Pour établir le pronostic de récidive, le Tribunal fédéral rappelle que les critères déterminants sont la fréquence et l’intensité des infractions poursuivies et que cette évaluation doit prendre en compte une éventuelle tendance à l’aggravation telle qu’une intensification de l’activité délictuelle, une escalade de la violence ou une augmentation de la fréquence des agissements. Les caractéristiques personnelles du prévenu doivent aussi être évaluées. De manière générale, selon le TF, il convient de considérer que plus l’infraction et la mise en danger sont graves, moins les exigences seront élevées quant au risque de réitération, respectivement que lorsque la gravité des faits et leurs incidences sur la sécurité sont particulièrement élevées, on peut admettre un risque de réitération à un niveau inférieur.

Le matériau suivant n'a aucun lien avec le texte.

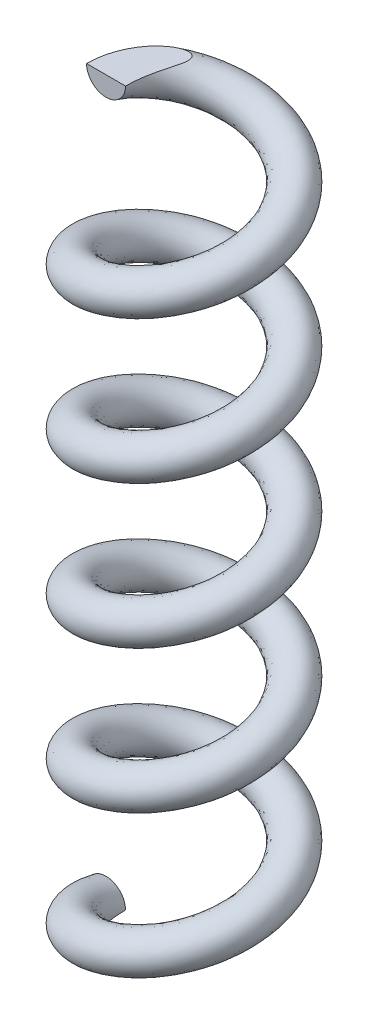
ISO-10303-21;
HEADER;
FILE_DESCRIPTION(('STEP AP214'),'2;1');
FILE_NAME('part.step','',(''),(''),'','','');
FILE_SCHEMA(('AUTOMOTIVE_DESIGN { 1 0 10303 214 1 1 1 1 }'));
ENDSEC;
DATA;
#1=APPLICATION_CONTEXT('core data for automotive mechanical design processes');
#2=APPLICATION_PROTOCOL_DEFINITION('international standard','automotive_design',2000,#1);
#3=PRODUCT_CONTEXT('',#1,'mechanical');
#4=PRODUCT('Part','Part','',(#3));
#5=PRODUCT_RELATED_PRODUCT_CATEGORY('part','',(#4));
#6=PRODUCT_DEFINITION_FORMATION('','',#4);
#7=PRODUCT_DEFINITION_CONTEXT('part definition',#1,'design');
#8=PRODUCT_DEFINITION('design','',#6,#7);
#9=PRODUCT_DEFINITION_SHAPE('','',#8);
#10=(LENGTH_UNIT() NAMED_UNIT(*) SI_UNIT(.MILLI.,.METRE.));
#11=(NAMED_UNIT(*) PLANE_ANGLE_UNIT() SI_UNIT($,.RADIAN.));
#12=(NAMED_UNIT(*) SI_UNIT($,.STERADIAN.) SOLID_ANGLE_UNIT());
#13=UNCERTAINTY_MEASURE_WITH_UNIT(LENGTH_MEASURE(1.E-05),#10,'distance_accuracy_value','');
#14=(GEOMETRIC_REPRESENTATION_CONTEXT(3) GLOBAL_UNCERTAINTY_ASSIGNED_CONTEXT((#13)) GLOBAL_UNIT_ASSIGNED_CONTEXT((#10,
#11,#12)) REPRESENTATION_CONTEXT('',''));
#15=CARTESIAN_POINT('',(0.,0.,0.));
#16=DIRECTION('',(0.,0.,1.));
#17=DIRECTION('',(1.,0.,0.));
#18=AXIS2_PLACEMENT_3D('',#15,#16,#17);
#19=CARTESIAN_POINT('',(-38.,56.6221098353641,9.77614774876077E-13));
#20=DIRECTION('',(0.,0.,1.));
#21=DIRECTION('',(1.,0.,0.));
#22=AXIS2_PLACEMENT_3D('',#19,#20,#21);
#23=PLANE('',#22);
#24=CARTESIAN_POINT('',(-38.,56.6221098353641,9.77614774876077E-13));
#25=DIRECTION('',(0.,0.,1.));
#26=DIRECTION('',(1.,0.,0.));
#27=AXIS2_PLACEMENT_3D('',#24,#25,#26);
#28=CIRCLE('',#27,3.5);
#29=CARTESIAN_POINT('',(-41.5,56.6221098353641,0.));
#30=VERTEX_POINT('',#29);
#31=CARTESIAN_POINT('',(-34.5,56.6221098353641,7.33211081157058E-13));
#32=VERTEX_POINT('',#31);
#33=EDGE_CURVE('E71',#30,#32,#28,.T.);
#34=ORIENTED_EDGE('',*,*,#33,.T.);
#35=DIRECTION('',(-1.,0.,0.));
#36=VECTOR('',#35,1.);
#37=CARTESIAN_POINT('',(-38.,56.6221098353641,9.77614774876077E-13));
#38=LINE('',#37,#36);
#39=EDGE_CURVE('E63',#32,#30,#38,.T.);
#40=ORIENTED_EDGE('',*,*,#39,.T.);
#41=EDGE_LOOP('',(#34,#40));
#42=FACE_BOUND('',#41,.T.);
#43=ADVANCED_FACE('F41',(#42),#23,.T.);
#44=CARTESIAN_POINT('',(-34.5,-71.5,0.));
#45=CARTESIAN_POINT('',(-34.5,-70.2187789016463,3.41165681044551));
#46=CARTESIAN_POINT('',(-32.4946784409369,-68.9375578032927,6.17174514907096));
#47=CARTESIAN_POINT('',(-30.4893568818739,-67.6563367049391,8.93183348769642));
#48=CARTESIAN_POINT('',(-27.2446784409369,-66.3751156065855,9.98609342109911));
#49=CARTESIAN_POINT('',(-24.,-65.0938945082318,11.0403533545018));
#50=CARTESIAN_POINT('',(-20.7553215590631,-63.8126734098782,9.98609342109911));
#51=CARTESIAN_POINT('',(-17.5106431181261,-62.5314523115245,8.93183348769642));
#52=CARTESIAN_POINT('',(-15.5053215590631,-61.2502312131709,6.17174514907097));
#53=CARTESIAN_POINT('',(-13.5,-59.9690101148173,3.41165681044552));
#54=CARTESIAN_POINT('',(-13.5,-58.6877890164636,0.));
#55=CARTESIAN_POINT('',(-13.5,-57.40656791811,-3.41165681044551));
#56=CARTESIAN_POINT('',(-15.5053215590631,-56.1253468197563,-6.17174514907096));
#57=CARTESIAN_POINT('',(-17.5106431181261,-54.8441257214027,-8.93183348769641));
#58=CARTESIAN_POINT('',(-20.7553215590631,-53.5629046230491,-9.98609342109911));
#59=CARTESIAN_POINT('',(-24.,-52.2816835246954,-11.0403533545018));
#60=CARTESIAN_POINT('',(-27.2446784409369,-51.0004624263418,-9.98609342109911));
#61=CARTESIAN_POINT('',(-30.4893568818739,-49.7192413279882,-8.93183348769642));
#62=CARTESIAN_POINT('',(-32.4946784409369,-48.4380202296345,-6.17174514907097));
#63=CARTESIAN_POINT('',(-34.5,-47.1567991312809,-3.41165681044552));
#64=CARTESIAN_POINT('',(-34.5,-45.8755780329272,0.));
#65=CARTESIAN_POINT('',(-34.5,-44.5943569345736,3.41165681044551));
#66=CARTESIAN_POINT('',(-32.4946784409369,-43.31313583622,6.17174514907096));
#67=CARTESIAN_POINT('',(-30.4893568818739,-42.0319147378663,8.93183348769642));
#68=CARTESIAN_POINT('',(-27.2446784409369,-40.7506936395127,9.98609342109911));
#69=CARTESIAN_POINT('',(-24.,-39.469472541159,11.0403533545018));
#70=CARTESIAN_POINT('',(-20.7553215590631,-38.1882514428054,9.98609342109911));
#71=CARTESIAN_POINT('',(-17.5106431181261,-36.9070303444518,8.93183348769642));
#72=CARTESIAN_POINT('',(-15.5053215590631,-35.6258092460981,6.17174514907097));
#73=CARTESIAN_POINT('',(-13.5,-34.3445881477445,3.41165681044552));
#74=CARTESIAN_POINT('',(-13.5,-33.0633670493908,0.));
#75=CARTESIAN_POINT('',(-13.5,-31.7821459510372,-3.41165681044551));
#76=CARTESIAN_POINT('',(-15.5053215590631,-30.5009248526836,-6.17174514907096));
#77=CARTESIAN_POINT('',(-17.5106431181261,-29.2197037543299,-8.93183348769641));
#78=CARTESIAN_POINT('',(-20.7553215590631,-27.9384826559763,-9.98609342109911));
#79=CARTESIAN_POINT('',(-24.,-26.6572615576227,-11.0403533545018));
#80=CARTESIAN_POINT('',(-27.2446784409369,-25.376040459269,-9.98609342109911));
#81=CARTESIAN_POINT('',(-30.4893568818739,-24.0948193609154,-8.93183348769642));
#82=CARTESIAN_POINT('',(-32.4946784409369,-22.8135982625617,-6.17174514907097));
#83=CARTESIAN_POINT('',(-34.5,-21.5323771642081,-3.41165681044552));
#84=CARTESIAN_POINT('',(-34.5,-20.2511560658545,0.));
#85=CARTESIAN_POINT('',(-34.5,-18.9699349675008,3.41165681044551));
#86=CARTESIAN_POINT('',(-32.4946784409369,-17.6887138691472,6.17174514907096));
#87=CARTESIAN_POINT('',(-30.4893568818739,-16.4074927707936,8.93183348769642));
#88=CARTESIAN_POINT('',(-27.2446784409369,-15.1262716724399,9.98609342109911));
#89=CARTESIAN_POINT('',(-24.,-13.8450505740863,11.0403533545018));
#90=CARTESIAN_POINT('',(-20.7553215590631,-12.5638294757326,9.98609342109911));
#91=CARTESIAN_POINT('',(-17.5106431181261,-11.282608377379,8.93183348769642));
#92=CARTESIAN_POINT('',(-15.5053215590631,-10.0013872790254,6.17174514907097));
#93=CARTESIAN_POINT('',(-13.5,-8.72016618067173,3.41165681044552));
#94=CARTESIAN_POINT('',(-13.5,-7.43894508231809,0.));
#95=CARTESIAN_POINT('',(-13.5,-6.15772398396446,-3.41165681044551));
#96=CARTESIAN_POINT('',(-15.5053215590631,-4.87650288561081,-6.17174514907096));
#97=CARTESIAN_POINT('',(-17.5106431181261,-3.59528178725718,-8.93183348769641));
#98=CARTESIAN_POINT('',(-20.7553215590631,-2.31406068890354,-9.98609342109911));
#99=CARTESIAN_POINT('',(-24.,-1.03283959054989,-11.0403533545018));
#100=CARTESIAN_POINT('',(-27.2446784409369,0.248381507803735,-9.98609342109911));
#101=CARTESIAN_POINT('',(-30.4893568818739,1.52960260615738,-8.93183348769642));
#102=CARTESIAN_POINT('',(-32.4946784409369,2.81082370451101,-6.17174514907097));
#103=CARTESIAN_POINT('',(-34.5,4.09204480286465,-3.41165681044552));
#104=CARTESIAN_POINT('',(-34.5,5.3732659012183,0.));
#105=CARTESIAN_POINT('',(-34.5,6.65448699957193,3.41165681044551));
#106=CARTESIAN_POINT('',(-32.4946784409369,7.93570809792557,6.17174514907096));
#107=CARTESIAN_POINT('',(-30.4893568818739,9.2169291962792,8.93183348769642));
#108=CARTESIAN_POINT('',(-27.2446784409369,10.4981502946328,9.98609342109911));
#109=CARTESIAN_POINT('',(-24.,11.7793713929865,11.0403533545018));
#110=CARTESIAN_POINT('',(-20.7553215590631,13.0605924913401,9.98609342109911));
#111=CARTESIAN_POINT('',(-17.5106431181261,14.3418135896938,8.93183348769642));
#112=CARTESIAN_POINT('',(-15.5053215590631,15.6230346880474,6.17174514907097));
#113=CARTESIAN_POINT('',(-13.5,16.904255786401,3.41165681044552));
#114=CARTESIAN_POINT('',(-13.5,18.1854768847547,0.));
#115=CARTESIAN_POINT('',(-13.5,19.4666979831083,-3.41165681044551));
#116=CARTESIAN_POINT('',(-15.5053215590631,20.747919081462,-6.17174514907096));
#117=CARTESIAN_POINT('',(-17.5106431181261,22.0291401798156,-8.93183348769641));
#118=CARTESIAN_POINT('',(-20.7553215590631,23.3103612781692,-9.98609342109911));
#119=CARTESIAN_POINT('',(-24.,24.5915823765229,-11.0403533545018));
#120=CARTESIAN_POINT('',(-27.2446784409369,25.8728034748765,-9.98609342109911));
#121=CARTESIAN_POINT('',(-30.4893568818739,27.1540245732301,-8.93183348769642));
#122=CARTESIAN_POINT('',(-32.4946784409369,28.4352456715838,-6.17174514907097));
#123=CARTESIAN_POINT('',(-34.5,29.7164667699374,-3.41165681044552));
#124=CARTESIAN_POINT('',(-34.5,30.9976878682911,0.));
#125=CARTESIAN_POINT('',(-34.5,32.2789089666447,3.41165681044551));
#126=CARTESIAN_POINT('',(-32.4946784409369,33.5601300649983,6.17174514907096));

Le risque de récidive comme motif de détention doit en principe n’être admis qu’avec retenue et un pronostic défavorable est nécessaire.

En l’espèce, selon le Tribunal fédéral, les infractions reprochées au prévenu ne constituent pas des délits de violence grave et délibérée et la fréquence de ses agissements n’ont pas mis des tiers particulièrement en danger. Par ailleurs, quand bien même l’expert qualifie le risque récidive de modéré à fort, il n’a pas mis en évidence une tendance à l’aggravation des comportements du prévenu. Dans un tel contexte où le maintien en détention du prévenu est motivé par le fait qu’un établissement adéquat n’a pas pu être trouvé, son maintien en détention provisoire contrevient au principe de la proportionnalité. Il reviendra donc à l’autorité cantonale d’instruire, puis d’ordonner des mesures de substitution adéquates.

Ce qu’il faut retenir de cet arrêt, c’est qu’en présence d’une expertise psychiatrique qui retient un risque de récidive modéré à fort chez l’expertisé, ce risque n’est pas suffisant à lui seul pour retenir un risque de récidive au sens de l’art. 221 al. 1 let c CPP lorsque les infractions reprochées au prévenu ne dénotent pas de violence particulière et n’ont pas mis des tiers particulièrement en danger. Il est encore nécessaire que les experts retiennent une tendance à l’aggravation des comportements du prévenu, faisant ainsi sérieusement craindre la commission de crimes ou délits graves de nature à compromettre sérieusement la sécurité d’autrui.

Le risque de récidive selon l’art. 221 CPP pourra ainsi être retenu soit en présence d’infractions graves, soit en présence d’infractions moins graves en crescendo vers des infractions graves compromettant la sécurité d’autrui.